The partition already has 17 in row 7,
so row 5 must start with one of {37, 47, 67, 97},
but 15ac already contains 3, 6 and 9,
so **15ac = 4783659**, partitioned as 47|83|659.

2dn is 9___737, it’s a multiple of 9 and 7,
its second and fourth digits are in {1, 3, 7, 9}
and the third digit is 1 or 9
(not 3 or 7 because they already occur in 10ac).
It’s a multiple of 9, and the known digits add up to 26,
so the unknown digits must add up to 1, 10 or 19.
If the third digit is 1 then the only possibility is 9919737,
but that’s not a multiple of 7, so the third digit is 9.
The first prime in row 3 is then _9
and the only available primes are {19, 79, 89};
but 10ac already contains 7 and 8,
so **10ac = 1943587**, partitioned as 19|43|587.

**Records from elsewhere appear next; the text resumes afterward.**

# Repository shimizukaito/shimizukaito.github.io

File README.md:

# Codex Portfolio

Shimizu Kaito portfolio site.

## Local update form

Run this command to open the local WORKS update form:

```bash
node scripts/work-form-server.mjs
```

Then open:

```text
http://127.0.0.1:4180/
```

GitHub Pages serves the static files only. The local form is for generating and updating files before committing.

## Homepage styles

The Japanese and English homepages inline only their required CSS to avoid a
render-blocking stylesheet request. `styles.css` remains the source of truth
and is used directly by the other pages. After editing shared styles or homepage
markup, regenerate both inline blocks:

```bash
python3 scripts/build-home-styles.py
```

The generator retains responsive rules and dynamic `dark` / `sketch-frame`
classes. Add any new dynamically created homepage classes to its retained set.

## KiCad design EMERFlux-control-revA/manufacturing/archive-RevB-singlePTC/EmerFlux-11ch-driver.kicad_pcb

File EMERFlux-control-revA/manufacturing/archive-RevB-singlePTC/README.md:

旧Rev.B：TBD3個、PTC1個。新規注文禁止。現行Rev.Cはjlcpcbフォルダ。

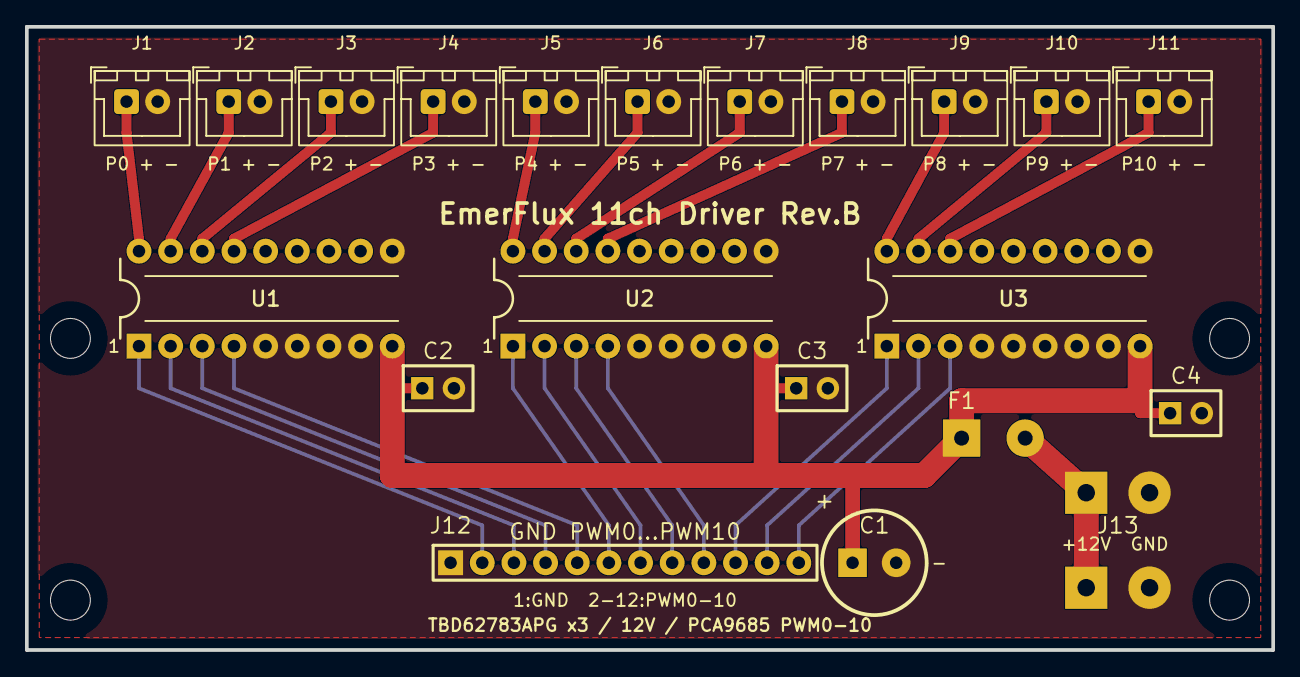
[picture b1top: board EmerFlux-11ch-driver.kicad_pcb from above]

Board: 2 copper layers, 100.0 x 50.0 mm, 25 parts (0 on the bottom side), 25 nets.

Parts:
C1: 25PX470MEFC8X11.5_470uF_25V; Audit_C1
C2: 100nF_U1; Audit_C2
C3: 100nF_U2; Audit_C3
C4: 100nF_U2; Audit_C4
F1: MF-R300_PTC_3A_30V_P5.10mm; Audit_F1
H1: Audit_H1
H2: Audit_H2
H3: Audit_H3
H4: Audit_H4
J1: B2B-XH-A(LF)(SN); Audit_J1
J2: B2B-XH-A(LF)(SN); Audit_J2
J3: B2B-XH-A(LF)(SN); Audit_J3
J4: B2B-XH-A(LF)(SN); Audit_J4
J5: B2B-XH-A(LF)(SN); Audit_J5
J6: B2B-XH-A(LF)(SN); Audit_J6
J7: B2B-XH-A(LF)(SN); Audit_J7
J8: B2B-XH-A(LF)(SN); Audit_J8
J9: B2B-XH-A(LF)(SN); Audit_J9
J10: B2B-XH-A(LF)(SN); Audit_J10
J11: B2B-XH-A(LF)(SN); Audit_J11
J12: PinHeader_1x12_P2.54mm; Audit_J12
J13: WJ142V-5.08-02P-14G-00A; Audit_J13
U1: TBD62783APG; Audit_U1
U2: TBD62783APG; Audit_U2
U3: TBD62783APG; Audit_U3

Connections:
+12V_PROTECTED: C1.1, C2.1, C3.1, C4.1, F1.1, U1.9, U2.9, U3.9
+12V_RAW: F1.2, J13.1
GND: C1.2, C2.2, C3.2, C4.2, J1.2, J2.2, J3.2, J4.2, J5.2, J6.2, J7.2, J8.2, J9.2, J10.2, J11.2, J12.1, J13.2, U1.5, U1.6, U1.7, U1.8, U1.10, U2.5, U2.6, U2.7, U2.8, U2.10, U3.4, U3.5, U3.6, U3.7, U3.8, U3.10
PUMP0_PLUS: J1.1, U1.18
PUMP1_PLUS: J2.1, U1.17
PUMP2_PLUS: J3.1, U1.16
PUMP3_PLUS: J4.1, U1.15
PUMP4_PLUS: J5.1, U2.18
PUMP5_PLUS: J6.1, U2.17
PUMP6_PLUS: J7.1, U2.16
PUMP7_PLUS: J8.1, U2.15
PUMP8_PLUS: J9.1, U3.18
PUMP9_PLUS: J10.1, U3.17
PUMP10_PLUS: J11.1, U3.16
PWM0: J12.2, U1.1
PWM1: J12.3, U1.2
PWM2: J12.4, U1.3
PWM3: J12.5, U1.4
PWM4: J12.6, U2.1
PWM5: J12.7, U2.2
PWM6: J12.8, U2.3
PWM7: J12.9, U2.4
PWM8: J12.10, U3.1
PWM9: J12.11, U3.2
PWM10: J12.12, U3.3

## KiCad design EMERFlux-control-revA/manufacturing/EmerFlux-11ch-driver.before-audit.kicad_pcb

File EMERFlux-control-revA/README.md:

# EmerFlux 11チャンネル行ドライバ基板

現行PCB：manufacturing/EmerFlux-11ch-driver.kicad_pcb。製造資料：manufacturing/jlcpcb/README.md。
100×50mm、2層、FR-4、1.6mm、1oz指定。外付けAE-PCA9685、TBD62783APG×3（4＋4＋3台）。同じ基板11枚で121台。
最終DRC違反0、未配線0。Gerber7層＋ドリル2ファイルを生成・再読込済み。
安全な連続運転・量産は未承認。起動／拘束電流、IC温度、MF-R185×3の評価が必要。最初に1枚だけ実装してください。
旧EasyEDA内蔵PCA9685＋MOSFET案は製造禁止。過去資料はhistoryに保存。before-audit PCBは製造禁止。

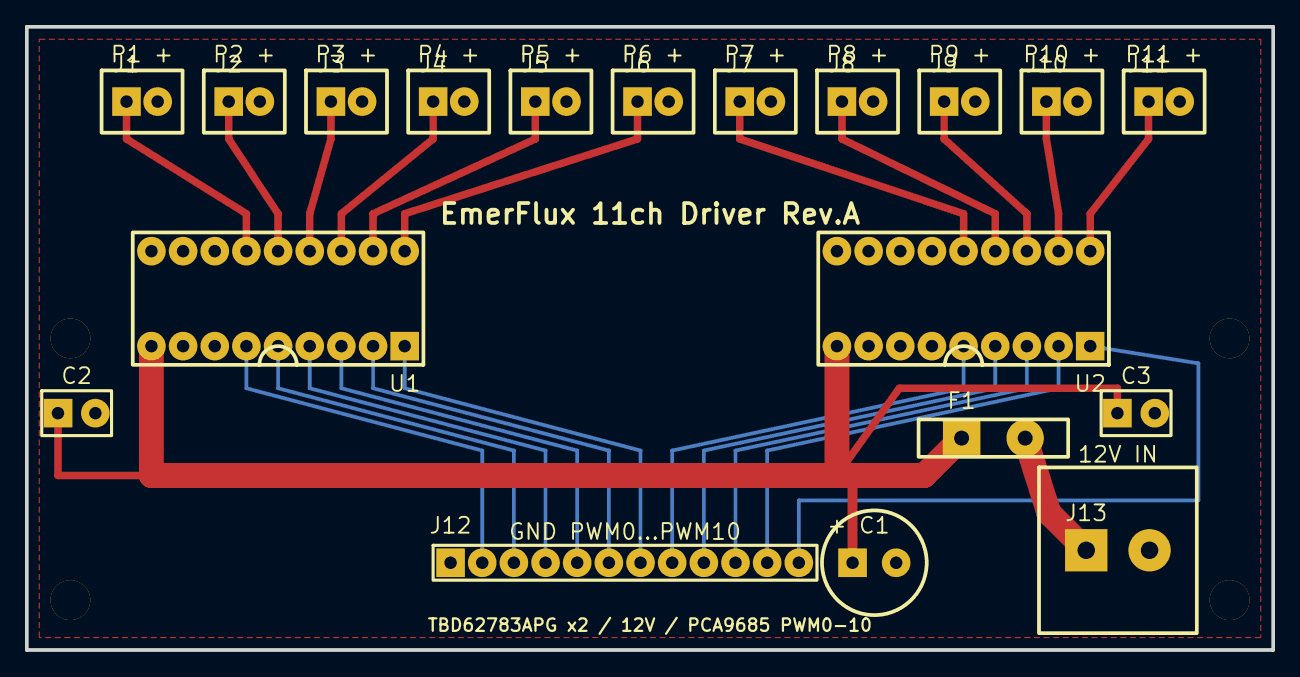
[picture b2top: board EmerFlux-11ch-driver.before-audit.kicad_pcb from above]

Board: 2 copper layers, 100.0 x 50.0 mm, 23 parts (0 on the bottom side), 25 nets.

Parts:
C1: 25PX470MEFC8X11.5_470uF_25V
C2: 100nF_U1
C3: 100nF_U2
F1: MF-R300_PTC_3A_30V_P5.10mm
H1, H2, H3, H4: MountingHole_3.2mm
J1, J2, J3, J4, J5, J6, J7, J8, J9, J10, J11: JST_XH_B2B-XH-A_1x02_P2.50mm
J12: PinHeader_1x12_P2.54mm
J13: WJ142V-5.08-02P-14G-00A
U1, U2: DIP-18_W7.62mm_TBD62783APG

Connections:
+12V_PROTECTED: C1.1, C2.1, C3.1, F1.1, U1.9, U2.9
+12V_RAW: F1.2, J13.1
GND: C1.2, C2.2, C3.2, J1.2, J2.2, J3.2, J4.2, J5.2, J6.2, J7.2, J8.2, J9.2, J10.2, J11.2, J12.1, J13.2, U1.7, U1.8, U1.10, U2.6, U2.7, U2.8, U2.10
PUMP0_PLUS: J1.1, U1.13
PUMP1_PLUS: J2.1, U1.14
PUMP2_PLUS: J3.1, U1.15
PUMP3_PLUS: J4.1, U1.16
PUMP4_PLUS: J5.1, U1.17
PUMP5_PLUS: J6.1, U1.18
PUMP6_PLUS: J7.1, U2.14
PUMP7_PLUS: J8.1, U2.15
PUMP8_PLUS: J9.1, U2.16
PUMP9_PLUS: J10.1, U2.17
PUMP10_PLUS: J11.1, U2.18
PWM0: J12.2, U1.6
PWM1: J12.3, U1.5
PWM2: J12.4, U1.4
PWM3: J12.5, U1.3
PWM4: J12.6, U1.2
PWM5: J12.7, U1.1
PWM6: J12.8, U2.5
PWM7: J12.9, U2.4
PWM8: J12.10, U2.3
PWM9: J12.11, U2.2
PWM10: J12.12, U2.1

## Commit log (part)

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2022-07-07 [テスト]
2022-07-08 [メインビジュアルをcreepynutsぽくした]
2022-07-08 [mvの余白調整と画像差し込み]
2022-07-08 [mvに画像を追加]
2022-07-08 [mvのサイズを調整]
2022-07-08 [worksの画像を丸くしたのとホバーを調整]
2022-07-08 [ファビコンの設定]
2022-07-08 [mvの画像の大きさを調整]
2022-07-08 [タイトル変更]
2022-07-08 [卒研のページを加筆]
2022-07-08 [メールアドレスを変更]
2022-07-10 [iosとandroid用のファビコン画像を追加]
2022-07-10 [OGPの設定を確認]
2022-07-10 [ニコグラフとワークショップのページを修正]
2022-07-10 [一つ前と同じ]
2022-07-11 [ogpの書き換え]
2022-07-11 [変更点]
2022-07-18 [mvの画像を調整]
2023-02-19 [アーカイブの枠を設定]
2023-02-19 [これくらいモデラーを追加]
2023-03-04 worksのファイル名の変更と写真のjpg化
2023-03-09 [ニコグラフの記事を追加]
2023-09-06 新しい構成に変更
2023-09-06 URLを追加
2023-09-07 記事と写真の追加
2023-09-13 URL追加
2023-11-30 プロフィールの追加
2023-12-02 テキスト内容の変更
2023-12-06 worksの写真のCSS変更
2024-02-03 スマホ用のcssを追加とworksの修正
2024-02-03 mVの追加
2024-02-03 タイトルの位置修正
2024-02-23 URLの追加
2024-03-04 worksの追加
2024-03-06 発表歴の追加
2024-03-20 作品の追加
2024-03-23 使用技術の修正
2024-03-23 画像の追加
2024-03-23 URLの修正
2024-10-02 記事の追加
2024-10-03 openprocessingのリンク削除
2024-11-11 バイト先の作品を追加
2025-06-04 以前までのバージョンを一旦削除
2025-06-04 メインページを追加
2025-06-04 一旦削除
2025-06-04 indexのみ
2025-06-04 アブストとコンタクト
2025-06-04 cssとjs
2025-06-04 写真を追加
2025-06-04 ワークスの記事追加
2025-06-04 残りの記事とCSS追加
2025-06-04 さらに追加
2025-06-04 もっと追加
2025-06-05 ワークスを追加
2025-06-11 発表歴を追加
2025-06-11 twistedbandDisplayを追加
2025-06-18 P5のコードを修正
2025-10-29 メインページの画像をリサイズ
2025-11-08 getPostの修正
2025-11-12 記事の文章を修正
2025-11-12 記事を追加
2026-05-26 Replace portfolio structure
2026-05-26 Add imported portfolio media
2026-05-26 Expand works grid width
2026-05-26 作品を追加
2026-05-28 画像参照の変更
2026-05-28 メインの文章を調整
2026-06-03 英語ページの追加
2026-06-20 2026/06/21 ニコグラフインターナショナル２０２６のはっぴょ売れ機を追加

13ac ends in 5 and is one less than a square,
so the square must be one of {196, 256, 576, 676}.
Row 4 is partitioned as __|__|53|5,
so the first two digits of 13ac form a prime,
restricting it to {196, 676};
but 19 is already used in the partition of row 3,
so **13ac = 675**.

2dn is now 9_9_737,
and the two unknown digits must add up to 10.
Of the four possibilities,
{9199737, 9397737, 9793737, 9991737},
the only multiple of 7 is **2dn = 9991737**.
12ac is the first prime in the partition of row 4,
and the only available prime matching _1 is **12ac = 61**.
The grid is now complete apart from two digits in 8ac,
one of which is the single-digit 3 in the partition.
The sum of grid digits so far is 221,
and 18ac tells us the digits must add up to 232,
so the missing digits are 3 and 8.
8ac can’t be partitioned as 3|98 (because 98 isn’t a prime),
so **8ac = 893**,
completing the grid and
making **1dn = 5816411** = 61×95351
(a multiple of 12ac)
and **3dn = 2346837** = 3×782279 (not a prime).